Needed from the data below: every line from the one with "VehicleControl3/4(Vhcl.Wheel.In) -> IPG" up to and including the one with "Rate Transition32/1 -> Bus Creator3/28", repeated exactly and with nothing else.

*** Opening RECORDS FOR THE EXERCISE ***

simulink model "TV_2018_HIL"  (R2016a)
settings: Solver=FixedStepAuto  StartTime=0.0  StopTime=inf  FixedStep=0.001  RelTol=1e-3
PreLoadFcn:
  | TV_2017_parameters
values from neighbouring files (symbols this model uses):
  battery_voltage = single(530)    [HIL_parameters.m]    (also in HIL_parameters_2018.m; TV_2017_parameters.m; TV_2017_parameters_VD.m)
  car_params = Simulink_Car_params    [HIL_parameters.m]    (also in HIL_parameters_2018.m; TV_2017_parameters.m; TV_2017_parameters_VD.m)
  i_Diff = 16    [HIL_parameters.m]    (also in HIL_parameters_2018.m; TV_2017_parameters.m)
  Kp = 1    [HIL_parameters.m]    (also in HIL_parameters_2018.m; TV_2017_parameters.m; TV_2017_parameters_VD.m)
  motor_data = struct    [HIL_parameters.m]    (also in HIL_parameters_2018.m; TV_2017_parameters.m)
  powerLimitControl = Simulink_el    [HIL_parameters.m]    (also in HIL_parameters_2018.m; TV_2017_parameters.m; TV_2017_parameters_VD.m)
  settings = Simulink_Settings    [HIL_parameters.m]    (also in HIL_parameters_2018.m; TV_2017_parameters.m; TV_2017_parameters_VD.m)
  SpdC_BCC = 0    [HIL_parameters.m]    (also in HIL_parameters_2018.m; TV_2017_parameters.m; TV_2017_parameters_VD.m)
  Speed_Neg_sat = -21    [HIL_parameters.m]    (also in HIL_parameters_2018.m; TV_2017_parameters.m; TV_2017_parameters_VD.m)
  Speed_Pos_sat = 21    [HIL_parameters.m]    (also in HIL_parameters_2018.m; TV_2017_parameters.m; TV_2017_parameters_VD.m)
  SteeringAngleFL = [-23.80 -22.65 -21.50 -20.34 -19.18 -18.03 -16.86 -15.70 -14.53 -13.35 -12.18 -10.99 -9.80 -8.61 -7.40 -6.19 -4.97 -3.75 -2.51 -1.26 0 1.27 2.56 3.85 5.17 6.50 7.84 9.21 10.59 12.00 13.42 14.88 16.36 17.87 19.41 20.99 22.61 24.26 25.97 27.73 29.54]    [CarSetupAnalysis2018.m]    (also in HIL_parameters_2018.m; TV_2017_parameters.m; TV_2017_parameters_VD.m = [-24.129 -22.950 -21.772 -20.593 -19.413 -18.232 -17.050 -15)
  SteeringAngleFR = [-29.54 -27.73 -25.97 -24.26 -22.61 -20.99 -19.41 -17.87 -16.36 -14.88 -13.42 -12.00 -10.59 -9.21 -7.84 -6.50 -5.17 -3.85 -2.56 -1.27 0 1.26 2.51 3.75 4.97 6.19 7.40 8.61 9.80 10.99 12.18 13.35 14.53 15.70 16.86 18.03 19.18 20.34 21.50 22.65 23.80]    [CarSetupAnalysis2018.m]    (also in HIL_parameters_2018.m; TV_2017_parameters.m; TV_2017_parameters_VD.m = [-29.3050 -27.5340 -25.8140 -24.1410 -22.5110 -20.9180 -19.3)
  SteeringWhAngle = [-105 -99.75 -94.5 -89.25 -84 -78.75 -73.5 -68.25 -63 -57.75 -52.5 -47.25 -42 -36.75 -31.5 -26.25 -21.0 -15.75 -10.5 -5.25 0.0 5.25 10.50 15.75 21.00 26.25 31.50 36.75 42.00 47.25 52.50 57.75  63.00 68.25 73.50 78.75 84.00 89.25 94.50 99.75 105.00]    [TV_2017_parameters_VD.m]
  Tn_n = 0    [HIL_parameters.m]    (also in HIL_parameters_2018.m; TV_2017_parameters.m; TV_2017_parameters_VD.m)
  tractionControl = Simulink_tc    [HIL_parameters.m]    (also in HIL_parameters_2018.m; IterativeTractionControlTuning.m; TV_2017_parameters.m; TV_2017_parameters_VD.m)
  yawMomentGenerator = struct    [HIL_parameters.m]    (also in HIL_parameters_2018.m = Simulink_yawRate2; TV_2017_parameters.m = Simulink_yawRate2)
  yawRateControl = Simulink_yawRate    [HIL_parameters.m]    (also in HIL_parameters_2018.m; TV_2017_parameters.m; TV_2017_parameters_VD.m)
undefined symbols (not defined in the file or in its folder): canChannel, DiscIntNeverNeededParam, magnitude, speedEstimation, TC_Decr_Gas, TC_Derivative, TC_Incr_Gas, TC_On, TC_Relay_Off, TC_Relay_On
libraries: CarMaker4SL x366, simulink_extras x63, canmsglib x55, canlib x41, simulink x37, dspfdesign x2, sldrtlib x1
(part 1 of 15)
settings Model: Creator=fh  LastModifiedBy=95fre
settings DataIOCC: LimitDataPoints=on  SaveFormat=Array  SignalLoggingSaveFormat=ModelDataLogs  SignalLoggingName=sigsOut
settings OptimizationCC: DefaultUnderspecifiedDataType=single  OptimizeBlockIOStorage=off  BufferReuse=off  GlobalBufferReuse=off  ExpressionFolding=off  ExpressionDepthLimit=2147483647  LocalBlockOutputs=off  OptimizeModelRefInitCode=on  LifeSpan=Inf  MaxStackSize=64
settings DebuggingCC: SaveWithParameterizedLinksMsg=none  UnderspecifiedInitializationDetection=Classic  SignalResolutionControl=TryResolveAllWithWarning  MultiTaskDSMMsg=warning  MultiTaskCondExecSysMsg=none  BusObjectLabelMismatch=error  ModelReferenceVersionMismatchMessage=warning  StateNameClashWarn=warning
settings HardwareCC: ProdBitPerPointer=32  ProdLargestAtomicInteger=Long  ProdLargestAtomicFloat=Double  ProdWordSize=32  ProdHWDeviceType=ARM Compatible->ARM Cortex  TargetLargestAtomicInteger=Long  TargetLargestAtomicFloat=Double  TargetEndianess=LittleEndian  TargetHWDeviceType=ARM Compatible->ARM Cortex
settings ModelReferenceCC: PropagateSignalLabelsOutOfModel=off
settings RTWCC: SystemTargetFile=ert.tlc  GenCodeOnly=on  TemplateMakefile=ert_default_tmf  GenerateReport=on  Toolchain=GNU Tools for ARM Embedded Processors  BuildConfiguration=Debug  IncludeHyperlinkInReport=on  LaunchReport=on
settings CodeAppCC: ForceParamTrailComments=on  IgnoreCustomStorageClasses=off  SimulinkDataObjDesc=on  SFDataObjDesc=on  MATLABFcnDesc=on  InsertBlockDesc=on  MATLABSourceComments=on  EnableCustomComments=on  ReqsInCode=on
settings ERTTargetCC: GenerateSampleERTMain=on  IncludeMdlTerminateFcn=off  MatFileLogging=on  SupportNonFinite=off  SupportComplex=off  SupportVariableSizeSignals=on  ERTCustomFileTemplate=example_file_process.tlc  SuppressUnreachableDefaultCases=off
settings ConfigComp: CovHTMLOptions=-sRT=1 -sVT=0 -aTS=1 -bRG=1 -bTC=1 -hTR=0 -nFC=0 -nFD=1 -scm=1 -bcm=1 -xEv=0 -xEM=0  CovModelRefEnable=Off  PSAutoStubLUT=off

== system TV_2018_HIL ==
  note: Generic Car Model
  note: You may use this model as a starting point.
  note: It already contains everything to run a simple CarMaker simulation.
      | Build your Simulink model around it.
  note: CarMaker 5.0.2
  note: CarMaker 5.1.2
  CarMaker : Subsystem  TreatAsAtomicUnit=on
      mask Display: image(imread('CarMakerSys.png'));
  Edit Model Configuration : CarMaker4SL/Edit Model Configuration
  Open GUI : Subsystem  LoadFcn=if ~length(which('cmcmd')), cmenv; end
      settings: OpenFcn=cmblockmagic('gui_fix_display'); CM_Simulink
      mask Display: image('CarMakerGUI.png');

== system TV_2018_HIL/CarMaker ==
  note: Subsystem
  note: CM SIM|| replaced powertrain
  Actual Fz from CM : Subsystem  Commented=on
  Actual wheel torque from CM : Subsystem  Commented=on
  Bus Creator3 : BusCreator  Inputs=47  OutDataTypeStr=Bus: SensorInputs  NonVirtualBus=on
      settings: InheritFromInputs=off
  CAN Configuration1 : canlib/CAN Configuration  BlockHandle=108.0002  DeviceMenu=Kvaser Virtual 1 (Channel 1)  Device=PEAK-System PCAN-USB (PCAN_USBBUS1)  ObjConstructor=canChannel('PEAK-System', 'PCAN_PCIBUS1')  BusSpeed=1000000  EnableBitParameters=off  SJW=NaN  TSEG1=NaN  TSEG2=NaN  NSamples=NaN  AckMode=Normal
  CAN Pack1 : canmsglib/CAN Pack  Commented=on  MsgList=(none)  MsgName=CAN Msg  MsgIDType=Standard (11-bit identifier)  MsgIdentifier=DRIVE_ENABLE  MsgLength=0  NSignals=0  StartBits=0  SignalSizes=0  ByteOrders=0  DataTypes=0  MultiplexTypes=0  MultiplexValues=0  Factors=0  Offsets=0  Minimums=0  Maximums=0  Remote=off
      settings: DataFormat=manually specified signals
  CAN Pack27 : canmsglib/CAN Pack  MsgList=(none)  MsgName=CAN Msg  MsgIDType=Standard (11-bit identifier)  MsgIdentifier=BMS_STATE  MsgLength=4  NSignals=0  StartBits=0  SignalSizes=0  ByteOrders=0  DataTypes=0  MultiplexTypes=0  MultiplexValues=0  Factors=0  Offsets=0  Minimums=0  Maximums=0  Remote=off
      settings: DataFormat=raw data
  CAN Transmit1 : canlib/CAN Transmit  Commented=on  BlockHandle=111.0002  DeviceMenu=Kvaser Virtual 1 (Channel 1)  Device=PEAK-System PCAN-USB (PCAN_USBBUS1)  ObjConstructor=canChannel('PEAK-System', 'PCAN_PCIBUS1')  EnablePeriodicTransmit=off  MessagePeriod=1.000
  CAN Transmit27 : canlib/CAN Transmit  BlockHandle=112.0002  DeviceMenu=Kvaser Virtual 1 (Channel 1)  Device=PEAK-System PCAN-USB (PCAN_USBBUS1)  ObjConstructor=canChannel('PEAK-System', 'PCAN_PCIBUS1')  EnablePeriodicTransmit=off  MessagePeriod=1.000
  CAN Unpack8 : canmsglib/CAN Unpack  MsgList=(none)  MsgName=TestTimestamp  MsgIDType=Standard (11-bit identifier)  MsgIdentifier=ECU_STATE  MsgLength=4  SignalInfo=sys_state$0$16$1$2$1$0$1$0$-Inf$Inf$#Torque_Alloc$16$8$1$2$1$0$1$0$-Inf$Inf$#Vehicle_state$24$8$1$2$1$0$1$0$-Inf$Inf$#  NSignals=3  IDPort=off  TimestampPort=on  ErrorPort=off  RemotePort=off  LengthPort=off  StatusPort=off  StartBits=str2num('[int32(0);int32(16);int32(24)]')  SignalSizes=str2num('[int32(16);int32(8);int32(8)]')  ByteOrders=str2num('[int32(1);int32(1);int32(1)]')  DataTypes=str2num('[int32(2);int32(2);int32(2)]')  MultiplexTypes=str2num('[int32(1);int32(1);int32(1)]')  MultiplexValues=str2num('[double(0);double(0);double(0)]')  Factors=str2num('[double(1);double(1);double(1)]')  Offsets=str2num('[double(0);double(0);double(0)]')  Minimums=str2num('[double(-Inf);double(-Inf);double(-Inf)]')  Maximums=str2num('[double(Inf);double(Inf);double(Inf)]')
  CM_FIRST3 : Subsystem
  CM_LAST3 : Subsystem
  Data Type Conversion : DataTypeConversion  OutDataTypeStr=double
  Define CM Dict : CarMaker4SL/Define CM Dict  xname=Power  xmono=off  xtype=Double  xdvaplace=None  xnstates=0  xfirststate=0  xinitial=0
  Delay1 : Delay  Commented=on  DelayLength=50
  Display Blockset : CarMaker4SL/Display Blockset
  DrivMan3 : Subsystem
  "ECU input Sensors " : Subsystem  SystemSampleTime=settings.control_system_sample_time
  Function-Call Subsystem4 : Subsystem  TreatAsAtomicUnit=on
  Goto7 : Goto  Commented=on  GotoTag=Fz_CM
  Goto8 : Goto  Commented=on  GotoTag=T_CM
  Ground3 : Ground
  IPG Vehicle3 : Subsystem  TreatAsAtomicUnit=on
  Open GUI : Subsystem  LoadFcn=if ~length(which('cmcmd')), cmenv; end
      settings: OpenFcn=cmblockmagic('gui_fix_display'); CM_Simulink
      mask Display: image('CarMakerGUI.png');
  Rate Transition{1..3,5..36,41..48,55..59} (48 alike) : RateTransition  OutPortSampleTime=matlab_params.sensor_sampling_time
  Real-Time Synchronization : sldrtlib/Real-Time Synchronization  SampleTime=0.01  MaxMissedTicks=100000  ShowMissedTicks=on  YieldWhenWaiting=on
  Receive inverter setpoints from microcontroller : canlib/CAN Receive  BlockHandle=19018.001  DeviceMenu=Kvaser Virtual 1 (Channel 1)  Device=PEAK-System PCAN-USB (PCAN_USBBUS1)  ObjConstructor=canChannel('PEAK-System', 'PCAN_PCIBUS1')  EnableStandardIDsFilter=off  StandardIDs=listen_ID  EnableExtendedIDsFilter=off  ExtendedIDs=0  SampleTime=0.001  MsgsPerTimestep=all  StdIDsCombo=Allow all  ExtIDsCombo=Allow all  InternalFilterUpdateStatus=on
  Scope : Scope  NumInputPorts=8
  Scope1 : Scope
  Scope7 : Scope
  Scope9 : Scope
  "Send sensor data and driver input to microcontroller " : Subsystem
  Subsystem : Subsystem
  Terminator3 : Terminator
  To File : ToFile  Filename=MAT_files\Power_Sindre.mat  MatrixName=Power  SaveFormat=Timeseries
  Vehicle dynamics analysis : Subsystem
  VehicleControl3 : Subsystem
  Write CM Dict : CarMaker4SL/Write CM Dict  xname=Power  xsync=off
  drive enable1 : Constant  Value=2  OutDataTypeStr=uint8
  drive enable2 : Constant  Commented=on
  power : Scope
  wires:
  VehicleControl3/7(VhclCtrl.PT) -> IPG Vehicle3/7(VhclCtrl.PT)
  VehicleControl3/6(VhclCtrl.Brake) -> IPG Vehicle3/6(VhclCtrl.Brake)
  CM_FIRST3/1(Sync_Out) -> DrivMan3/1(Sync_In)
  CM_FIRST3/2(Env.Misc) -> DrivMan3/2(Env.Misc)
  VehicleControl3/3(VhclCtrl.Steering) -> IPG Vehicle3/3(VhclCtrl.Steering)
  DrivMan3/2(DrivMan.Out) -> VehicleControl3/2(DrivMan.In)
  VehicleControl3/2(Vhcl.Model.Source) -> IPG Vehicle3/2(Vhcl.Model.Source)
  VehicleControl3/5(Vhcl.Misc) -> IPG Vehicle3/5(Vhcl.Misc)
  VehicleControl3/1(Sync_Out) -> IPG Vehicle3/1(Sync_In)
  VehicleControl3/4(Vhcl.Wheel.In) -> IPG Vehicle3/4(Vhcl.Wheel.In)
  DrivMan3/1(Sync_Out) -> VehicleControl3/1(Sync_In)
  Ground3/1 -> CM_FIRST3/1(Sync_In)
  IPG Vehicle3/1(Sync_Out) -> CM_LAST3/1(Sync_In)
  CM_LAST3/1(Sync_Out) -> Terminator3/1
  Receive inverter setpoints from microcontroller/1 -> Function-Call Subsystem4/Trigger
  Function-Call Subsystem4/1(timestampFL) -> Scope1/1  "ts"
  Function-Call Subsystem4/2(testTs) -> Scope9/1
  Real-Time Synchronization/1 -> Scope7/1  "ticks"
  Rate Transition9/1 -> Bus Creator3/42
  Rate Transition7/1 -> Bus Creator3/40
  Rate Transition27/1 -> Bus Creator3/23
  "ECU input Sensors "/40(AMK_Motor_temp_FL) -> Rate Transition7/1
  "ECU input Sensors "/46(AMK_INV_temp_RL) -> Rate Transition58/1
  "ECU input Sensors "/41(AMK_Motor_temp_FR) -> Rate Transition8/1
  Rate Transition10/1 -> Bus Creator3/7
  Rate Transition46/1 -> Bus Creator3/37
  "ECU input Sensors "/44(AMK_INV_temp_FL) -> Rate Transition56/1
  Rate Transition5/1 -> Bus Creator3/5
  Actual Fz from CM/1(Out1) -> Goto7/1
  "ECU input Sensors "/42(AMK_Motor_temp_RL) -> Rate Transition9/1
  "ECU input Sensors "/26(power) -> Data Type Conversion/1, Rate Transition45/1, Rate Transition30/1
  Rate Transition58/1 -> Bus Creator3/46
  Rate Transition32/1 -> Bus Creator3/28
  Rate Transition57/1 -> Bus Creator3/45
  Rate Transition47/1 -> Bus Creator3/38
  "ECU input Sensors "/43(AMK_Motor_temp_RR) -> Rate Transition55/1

*** Closing RECORDS FOR THE EXERCISE ***

» **RESPONSE BOX**
  VehicleControl3/4(Vhcl.Wheel.In) -> IPG Vehicle3/4(Vhcl.Wheel.In)
  DrivMan3/1(Sync_Out) -> VehicleControl3/1(Sync_In)
  Ground3/1 -> CM_FIRST3/1(Sync_In)
  IPG Vehicle3/1(Sync_Out) -> CM_LAST3/1(Sync_In)
  CM_LAST3/1(Sync_Out) -> Terminator3/1
  Receive inverter setpoints from microcontroller/1 -> Function-Call Subsystem4/Trigger
  Function-Call Subsystem4/1(timestampFL) -> Scope1/1  "ts"
  Function-Call Subsystem4/2(testTs) -> Scope9/1
  Real-Time Synchronization/1 -> Scope7/1  "ticks"
  Rate Transition9/1 -> Bus Creator3/42
  Rate Transition7/1 -> Bus Creator3/40
  Rate Transition27/1 -> Bus Creator3/23
  "ECU input Sensors "/40(AMK_Motor_temp_FL) -> Rate Transition7/1
  "ECU input Sensors "/46(AMK_INV_temp_RL) -> Rate Transition58/1
  "ECU input Sensors "/41(AMK_Motor_temp_FR) -> Rate Transition8/1
  Rate Transition10/1 -> Bus Creator3/7
  Rate Transition46/1 -> Bus Creator3/37
  "ECU input Sensors "/44(AMK_INV_temp_FL) -> Rate Transition56/1
  Rate Transition5/1 -> Bus Creator3/5
  Actual Fz from CM/1(Out1) -> Goto7/1
  "ECU input Sensors "/42(AMK_Motor_temp_RL) -> Rate Transition9/1
  "ECU input Sensors "/26(power) -> Data Type Conversion/1, Rate Transition45/1, Rate Transition30/1
  Rate Transition58/1 -> Bus Creator3/46
  Rate Transition32/1 -> Bus Creator3/28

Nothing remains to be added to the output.